The Duality of Technology
By now, you have heard more times than you can count that the world has grown smaller because of technology, but that doesn’t diminish the statement’s merit. Within seconds, you can chat with your friends via your favorite privacy-yielding networks or channels such as Discord and Whatsapp. Why stop there?
If you want to find something, it’s there in the aether of the internet. Technology like this has been on the rise since it first appeared, but its spread and use have only accelerated with the arrival of the pandemic. Pew Research has survey results that show that approximately 90 percent of Americans deemed technology “essential” throughout the pandemic. With all of this content and array of programs readily available, have we become media consumers instead of media producers? Has the pandemic made the once unheard-of hybrid workplace commonplace forever? To answer these questions through a closer lens, Zoom, and TikTok will be the main media.
As a result of the mandatory quarantine, many companies had to shift to conduct work at home. Zoom was the primary program of choice for businesses and schools to hold meetings and classes, with around 200 million users by May 2020 according to Reuters. To put that number into perspective, as stated by BusinessofApps.com, there were around 10 million users in December 2019. It was largely obscure, as there was no real demand for programs like it. When we were allowed to be out and about with our coworkers and fellow students in buildings and conference rooms, there was no need for Zoom. With its newfound ubiquity, people now had to get used to working with programs such as this one. Screen-sharing, controlling volume level, lighting, audio quality, poor video quality from an overpaid Verizon FIOS connection, and children or pets bursting into your office were all issues that were not present while working in person.
The work conducted at home at all hours has blurred the lines between professional life and personal life like never before. You don’t have separate environments for work and personal time, the work has “invaded” your private territory by forcing you to complete all the work at your home. Zoom has only facilitated that through its usefulness. It wasn’t the best of circumstances obviously but life and work have to move on somehow.
These were all issues I had to cope with, except the children were instead my parents. I had to leave the space in the living room I called my “office” and had to decorate and convert a forgotten guest room into an actual workspace. (I am writing this very article there right now.) This workspace allows me to understand what it feels like to work in a more sophisticated and proper office space and to maintain one. With COVID now making hybrid or online work commonplace, these skills will definitely become handy for the increasingly digital future.
With everybody now at home and not being able to see other people in person, many felt lonely (introverts celebrated) and bored. So we talked with friends online, and also predominantly scrolled through TikTok, where pretty faces are what buys and talent dies. You always spend more time than you think you will. Once you uninstall it, you redownload it after three days. Call me an old man for saying this, but to TikTokers, nothing is a bad idea, which leads people to post videos about criminal behavior or ideation. It can become an incredibly noxious environment with angsty teens who pretend to be adults on strong topics. It used to be a platform of memes and jokes where it was done harmlessly, now it’s more toxic than the Chernobyl Exclusion Zone.
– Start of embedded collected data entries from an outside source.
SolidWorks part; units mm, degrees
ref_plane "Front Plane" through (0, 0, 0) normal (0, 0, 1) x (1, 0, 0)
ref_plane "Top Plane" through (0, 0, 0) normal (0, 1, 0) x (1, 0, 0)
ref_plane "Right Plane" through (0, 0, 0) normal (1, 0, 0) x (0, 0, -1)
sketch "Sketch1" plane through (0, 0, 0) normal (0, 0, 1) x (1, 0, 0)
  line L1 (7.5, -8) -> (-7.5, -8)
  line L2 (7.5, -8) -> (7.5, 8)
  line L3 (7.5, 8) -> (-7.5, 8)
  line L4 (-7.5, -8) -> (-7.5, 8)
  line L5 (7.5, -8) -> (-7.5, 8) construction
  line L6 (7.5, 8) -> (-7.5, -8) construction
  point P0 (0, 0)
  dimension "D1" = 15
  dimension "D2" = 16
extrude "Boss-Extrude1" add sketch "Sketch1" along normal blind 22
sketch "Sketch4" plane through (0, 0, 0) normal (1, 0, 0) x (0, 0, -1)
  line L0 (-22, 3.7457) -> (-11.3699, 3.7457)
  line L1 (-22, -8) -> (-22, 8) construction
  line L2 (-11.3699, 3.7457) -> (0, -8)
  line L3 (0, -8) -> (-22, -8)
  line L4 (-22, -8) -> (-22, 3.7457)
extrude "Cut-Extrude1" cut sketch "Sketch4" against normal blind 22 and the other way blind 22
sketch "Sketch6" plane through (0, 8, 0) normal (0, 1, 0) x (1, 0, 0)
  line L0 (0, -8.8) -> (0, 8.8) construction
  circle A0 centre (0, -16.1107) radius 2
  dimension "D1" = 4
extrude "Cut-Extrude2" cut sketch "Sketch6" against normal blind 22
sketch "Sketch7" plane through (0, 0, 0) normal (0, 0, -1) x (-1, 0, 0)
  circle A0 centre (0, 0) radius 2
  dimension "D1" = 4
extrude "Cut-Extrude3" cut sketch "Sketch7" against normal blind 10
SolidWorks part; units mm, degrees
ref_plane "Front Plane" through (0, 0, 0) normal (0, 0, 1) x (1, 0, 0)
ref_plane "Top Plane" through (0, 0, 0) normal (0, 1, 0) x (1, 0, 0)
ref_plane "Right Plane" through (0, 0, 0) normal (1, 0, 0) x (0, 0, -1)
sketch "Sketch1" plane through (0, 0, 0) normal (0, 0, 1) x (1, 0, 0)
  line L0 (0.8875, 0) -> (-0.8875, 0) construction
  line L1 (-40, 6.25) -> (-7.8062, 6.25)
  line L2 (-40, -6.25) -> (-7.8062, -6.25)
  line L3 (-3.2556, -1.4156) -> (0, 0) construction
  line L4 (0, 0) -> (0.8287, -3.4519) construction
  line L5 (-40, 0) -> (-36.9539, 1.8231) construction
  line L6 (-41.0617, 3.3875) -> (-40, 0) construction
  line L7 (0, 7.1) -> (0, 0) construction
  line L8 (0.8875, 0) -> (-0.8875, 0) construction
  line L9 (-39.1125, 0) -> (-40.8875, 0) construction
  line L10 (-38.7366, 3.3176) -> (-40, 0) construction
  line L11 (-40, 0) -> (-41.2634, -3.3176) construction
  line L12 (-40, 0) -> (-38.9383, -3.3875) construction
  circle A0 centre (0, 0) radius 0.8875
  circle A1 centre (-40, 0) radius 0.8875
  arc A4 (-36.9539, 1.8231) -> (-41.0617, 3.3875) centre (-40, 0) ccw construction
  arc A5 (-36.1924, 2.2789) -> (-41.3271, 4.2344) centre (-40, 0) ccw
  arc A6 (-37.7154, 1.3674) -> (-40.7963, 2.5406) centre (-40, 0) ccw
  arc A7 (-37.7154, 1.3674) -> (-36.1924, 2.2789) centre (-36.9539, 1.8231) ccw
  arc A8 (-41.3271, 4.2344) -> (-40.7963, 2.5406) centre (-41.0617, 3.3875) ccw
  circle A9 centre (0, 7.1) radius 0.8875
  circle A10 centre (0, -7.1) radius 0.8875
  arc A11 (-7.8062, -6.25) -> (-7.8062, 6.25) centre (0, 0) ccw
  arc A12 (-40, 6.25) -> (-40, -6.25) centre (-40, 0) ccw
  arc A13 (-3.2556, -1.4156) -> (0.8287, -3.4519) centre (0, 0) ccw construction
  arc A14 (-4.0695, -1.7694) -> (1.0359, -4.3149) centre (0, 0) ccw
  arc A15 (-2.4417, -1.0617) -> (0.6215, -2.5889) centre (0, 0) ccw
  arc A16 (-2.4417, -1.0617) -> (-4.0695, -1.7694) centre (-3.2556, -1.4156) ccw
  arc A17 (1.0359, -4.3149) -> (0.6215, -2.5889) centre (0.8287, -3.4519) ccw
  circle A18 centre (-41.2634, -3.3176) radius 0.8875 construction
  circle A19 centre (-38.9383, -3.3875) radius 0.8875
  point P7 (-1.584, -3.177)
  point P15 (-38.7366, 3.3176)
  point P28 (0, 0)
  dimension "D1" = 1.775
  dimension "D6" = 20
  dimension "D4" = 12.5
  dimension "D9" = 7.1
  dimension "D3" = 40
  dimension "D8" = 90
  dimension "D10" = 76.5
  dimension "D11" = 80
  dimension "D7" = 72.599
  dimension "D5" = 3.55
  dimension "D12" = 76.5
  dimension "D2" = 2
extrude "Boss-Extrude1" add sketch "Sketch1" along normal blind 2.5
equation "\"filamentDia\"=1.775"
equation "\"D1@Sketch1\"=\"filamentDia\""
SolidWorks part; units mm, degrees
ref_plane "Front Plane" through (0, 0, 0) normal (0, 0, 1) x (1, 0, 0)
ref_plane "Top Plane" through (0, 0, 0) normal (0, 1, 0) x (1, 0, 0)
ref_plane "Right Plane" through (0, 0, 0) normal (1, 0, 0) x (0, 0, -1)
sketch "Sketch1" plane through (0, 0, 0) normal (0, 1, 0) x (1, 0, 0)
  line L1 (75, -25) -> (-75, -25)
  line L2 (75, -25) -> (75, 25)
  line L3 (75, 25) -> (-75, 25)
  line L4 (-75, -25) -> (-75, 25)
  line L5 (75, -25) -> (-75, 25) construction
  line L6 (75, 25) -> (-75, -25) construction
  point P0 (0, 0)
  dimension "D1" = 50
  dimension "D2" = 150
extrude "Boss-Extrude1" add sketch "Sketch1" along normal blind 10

To be fair, with over a billion active users on the platform, it is insanely difficult to police the activities of everyone at once, impossible actually. But you can limit the amount you see. I found myself addicted to the app and uploaded some videos, with one reaching 2.6 million views, another one making it into a cringe compilation, and amassing 36k followers. Follower count equals credibility in this world. But I could not stand the horrid community of the app and left my account dormant since September 2020.
Convenience is the objective of technology, and it has been delivered in droves thanks to it. Collaboration and communication are now seamless as you don’t have to wait for another day or for the underpaid mailman to lose your letter again and again. Now you just send a message to another device and you are done. It’s also a medium to create projects via your coworkers virtually, write stories and articles, and videos to express yourself through. But it would be naïve to say that it isn’t a double-edged sword. Because the connection to others is seamless and anonymous (relatively), it is rampant disturbing content, even harassment is commonplace all over the internet, which can seriously affect the mental health of vulnerable individuals like teens and kids.
The key here is to use it in moderation when it has the chance to emotionally harm you by consuming more than you should. Limit the amount of time you spend on apps, so you can do something else more productive and not wither away your mental health. Technology is there, so let’s use it to stimulate our creativity (just like I am with this article). Technology can both be incredibly useless and incredibly useful, utilize it so it stays at the latter.
And, please remember, just because a post got 300k likes, does not make it good content.